There was one cubicle in use and the shocked customer poked his head between the curtains.
‘Come out here,’ Brett commanded him. ‘Now!’
The ancient prospector obeyed instantly, pulling the curtain from its rails as he stumbled away from his intended prey. She was the youngest of the Indian girls, retching violently as she sat on the floor hugging her knees.
‘Don’t shoot, Mister!’ the customer pleaded, looking down the barrel of Brett’s levelled gun. He lied, ‘I didn’t hurt her! I promise! I hardly touched her . . ,’
‘Get down on the floor, right beside this other maggot.’
‘Yes, yes! But don’t shoot!’
Still pleading for his life, the old timer flopped like a whale beside Josh.
Stooping, Brett relieved him of his six-shooter and took Josh’s derringer.
Then Brett spoke slowly and clearly in the Cheyenne tongue.
‘I’m a friend of Leaning Bear. I’ve come to take you all home.’
For a moment there was disbelief. They’d been so ill-treated, so degraded by their captors and then by many of their customers, that most of them had become resigned to their fate. But as they stared at the tall man they’d never seen before, their utter despair suddenly turned to hope. He might be a white man but he spoke their lingo and he knew one of their most revered warriors! And he was offering them freedom from this vile bondage.
At Chameli’s prompting, the Indian maidens scrambled to their feet. Many of them were bruised, mostly their clothes hung in shreds. They were wild-eyed, the youngest two were weeping. One had cigarette burn marks on her cheek. Unlike the percentage girls in the Last Chance Saloon and most other watering holes Brett had known, these Indian maidens had b
een treated like dirt. There were eight of them, five had just arrived days ago, the other three, the ones Leaning Bear had told him were kidnapped by their fishing traps, had been here for some time. They all reeked of men’s sweat and the mice droppings on the floor.
‘Who knows how to use a gun?’ Brett silenced their excited talk.
Chameli pushed her way to the front. ‘I, Chameli, can shoot.’
Brett handed her the old prospector’s six-shooter. ‘Who else?’
‘Asha,’ Chameli nominated the youngest girl who’d been forced to service the ugly old prospector now prostrate on the floor.
‘You take this,’ Brett offered Asha the derringer.
The young Indian maiden snatched the gun from him and immediately pointed it at her client. ‘Asha knows how to kill.’

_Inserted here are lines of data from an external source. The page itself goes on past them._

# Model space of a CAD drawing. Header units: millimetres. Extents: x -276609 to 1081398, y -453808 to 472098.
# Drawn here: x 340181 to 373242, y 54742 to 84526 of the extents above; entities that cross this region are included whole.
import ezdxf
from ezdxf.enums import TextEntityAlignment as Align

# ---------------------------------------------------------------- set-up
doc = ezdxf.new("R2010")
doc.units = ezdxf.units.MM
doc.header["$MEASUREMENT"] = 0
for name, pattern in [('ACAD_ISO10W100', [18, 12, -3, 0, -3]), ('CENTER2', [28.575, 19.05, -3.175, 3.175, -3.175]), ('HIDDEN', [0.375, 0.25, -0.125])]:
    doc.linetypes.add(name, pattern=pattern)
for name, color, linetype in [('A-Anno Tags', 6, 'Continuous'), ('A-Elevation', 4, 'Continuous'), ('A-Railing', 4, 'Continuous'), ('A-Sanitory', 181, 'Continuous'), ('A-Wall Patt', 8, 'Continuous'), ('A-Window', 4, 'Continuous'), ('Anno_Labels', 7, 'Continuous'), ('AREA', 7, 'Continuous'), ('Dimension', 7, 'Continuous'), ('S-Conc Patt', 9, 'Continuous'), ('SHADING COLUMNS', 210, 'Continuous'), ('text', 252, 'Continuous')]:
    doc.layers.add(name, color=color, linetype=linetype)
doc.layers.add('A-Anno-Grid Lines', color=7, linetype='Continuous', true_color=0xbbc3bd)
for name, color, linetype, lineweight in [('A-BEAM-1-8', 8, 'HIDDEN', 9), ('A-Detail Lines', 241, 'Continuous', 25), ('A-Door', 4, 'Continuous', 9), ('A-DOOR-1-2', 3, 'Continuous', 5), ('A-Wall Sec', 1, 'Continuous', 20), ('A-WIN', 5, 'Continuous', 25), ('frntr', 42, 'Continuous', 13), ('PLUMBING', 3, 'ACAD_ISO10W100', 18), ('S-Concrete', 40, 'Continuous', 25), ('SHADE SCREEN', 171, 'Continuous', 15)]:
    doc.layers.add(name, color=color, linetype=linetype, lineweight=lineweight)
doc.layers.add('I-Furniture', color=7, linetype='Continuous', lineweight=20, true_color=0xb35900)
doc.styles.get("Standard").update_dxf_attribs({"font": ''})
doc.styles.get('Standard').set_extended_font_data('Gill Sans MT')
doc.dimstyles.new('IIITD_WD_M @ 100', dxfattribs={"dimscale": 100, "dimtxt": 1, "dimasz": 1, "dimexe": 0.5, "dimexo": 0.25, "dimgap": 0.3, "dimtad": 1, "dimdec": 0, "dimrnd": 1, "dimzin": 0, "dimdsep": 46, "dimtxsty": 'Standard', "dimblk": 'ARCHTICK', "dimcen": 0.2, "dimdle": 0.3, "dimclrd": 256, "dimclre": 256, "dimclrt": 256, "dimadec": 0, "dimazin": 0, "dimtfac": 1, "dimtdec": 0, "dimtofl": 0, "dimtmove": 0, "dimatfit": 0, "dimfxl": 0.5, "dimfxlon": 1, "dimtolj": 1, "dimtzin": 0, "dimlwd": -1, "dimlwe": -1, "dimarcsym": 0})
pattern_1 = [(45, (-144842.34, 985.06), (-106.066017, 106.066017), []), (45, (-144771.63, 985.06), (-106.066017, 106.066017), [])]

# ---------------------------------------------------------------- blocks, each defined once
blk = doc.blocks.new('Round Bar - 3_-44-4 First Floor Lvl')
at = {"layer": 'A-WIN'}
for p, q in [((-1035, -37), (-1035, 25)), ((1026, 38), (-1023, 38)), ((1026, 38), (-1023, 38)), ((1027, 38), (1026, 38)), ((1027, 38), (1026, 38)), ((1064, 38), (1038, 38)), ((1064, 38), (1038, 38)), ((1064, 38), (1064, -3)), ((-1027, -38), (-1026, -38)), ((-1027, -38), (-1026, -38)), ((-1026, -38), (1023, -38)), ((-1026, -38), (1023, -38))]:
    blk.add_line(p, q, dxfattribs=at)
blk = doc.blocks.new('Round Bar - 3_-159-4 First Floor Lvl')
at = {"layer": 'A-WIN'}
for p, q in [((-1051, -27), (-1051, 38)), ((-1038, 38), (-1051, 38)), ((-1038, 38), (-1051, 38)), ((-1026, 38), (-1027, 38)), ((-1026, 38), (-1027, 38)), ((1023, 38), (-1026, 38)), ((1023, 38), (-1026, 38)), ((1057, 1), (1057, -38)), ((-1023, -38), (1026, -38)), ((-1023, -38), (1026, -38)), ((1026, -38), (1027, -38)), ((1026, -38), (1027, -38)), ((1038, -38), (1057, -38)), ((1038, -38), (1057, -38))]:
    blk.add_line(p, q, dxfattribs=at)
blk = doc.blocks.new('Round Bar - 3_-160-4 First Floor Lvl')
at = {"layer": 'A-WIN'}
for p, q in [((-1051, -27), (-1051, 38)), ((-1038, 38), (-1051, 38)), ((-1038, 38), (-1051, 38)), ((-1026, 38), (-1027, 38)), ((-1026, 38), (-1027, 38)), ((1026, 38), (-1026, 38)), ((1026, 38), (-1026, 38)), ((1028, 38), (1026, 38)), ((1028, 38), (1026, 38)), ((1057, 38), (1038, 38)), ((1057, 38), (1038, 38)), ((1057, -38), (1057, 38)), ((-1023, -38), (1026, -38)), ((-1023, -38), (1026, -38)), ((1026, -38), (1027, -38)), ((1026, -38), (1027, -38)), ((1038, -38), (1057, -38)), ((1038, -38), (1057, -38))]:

‘No, Asha,’ Brett said firmly.
Chameli cried out, ‘Asha, this white man has come to help us. Obey him!’
Asha spat at the prospector who’d abused and hurt her.
Brett addressed them. ‘I’m going to open this door and we’ll walk out of here. I’ll be in front. The rest of you follow in a line. Chameli and Asha, you’ll make up the end of the line. If you see any man going for his gun, shoot to kill.’ He directed, ‘Now follow me.’
Brett Cassidy stepped to the door. The girls were bewildered, scared of the possible consequences of following this man out through a hostile saloon, but he claimed to know Leaning Bear, someone they trusted. That had to be good enough. And what was the alternative? A miserable life and possibly death from disease in this brothel? They held their breath as Brett eased the door open.
With his loaded guns in both hands, he stepped into the saloon.
At first no one noticed him. The miners were all engrossed in drinking and poker playing. It was so late some were even asleep on the floor.
Brett fired one shot into the wooden bar counter, plunging the saloon into silence.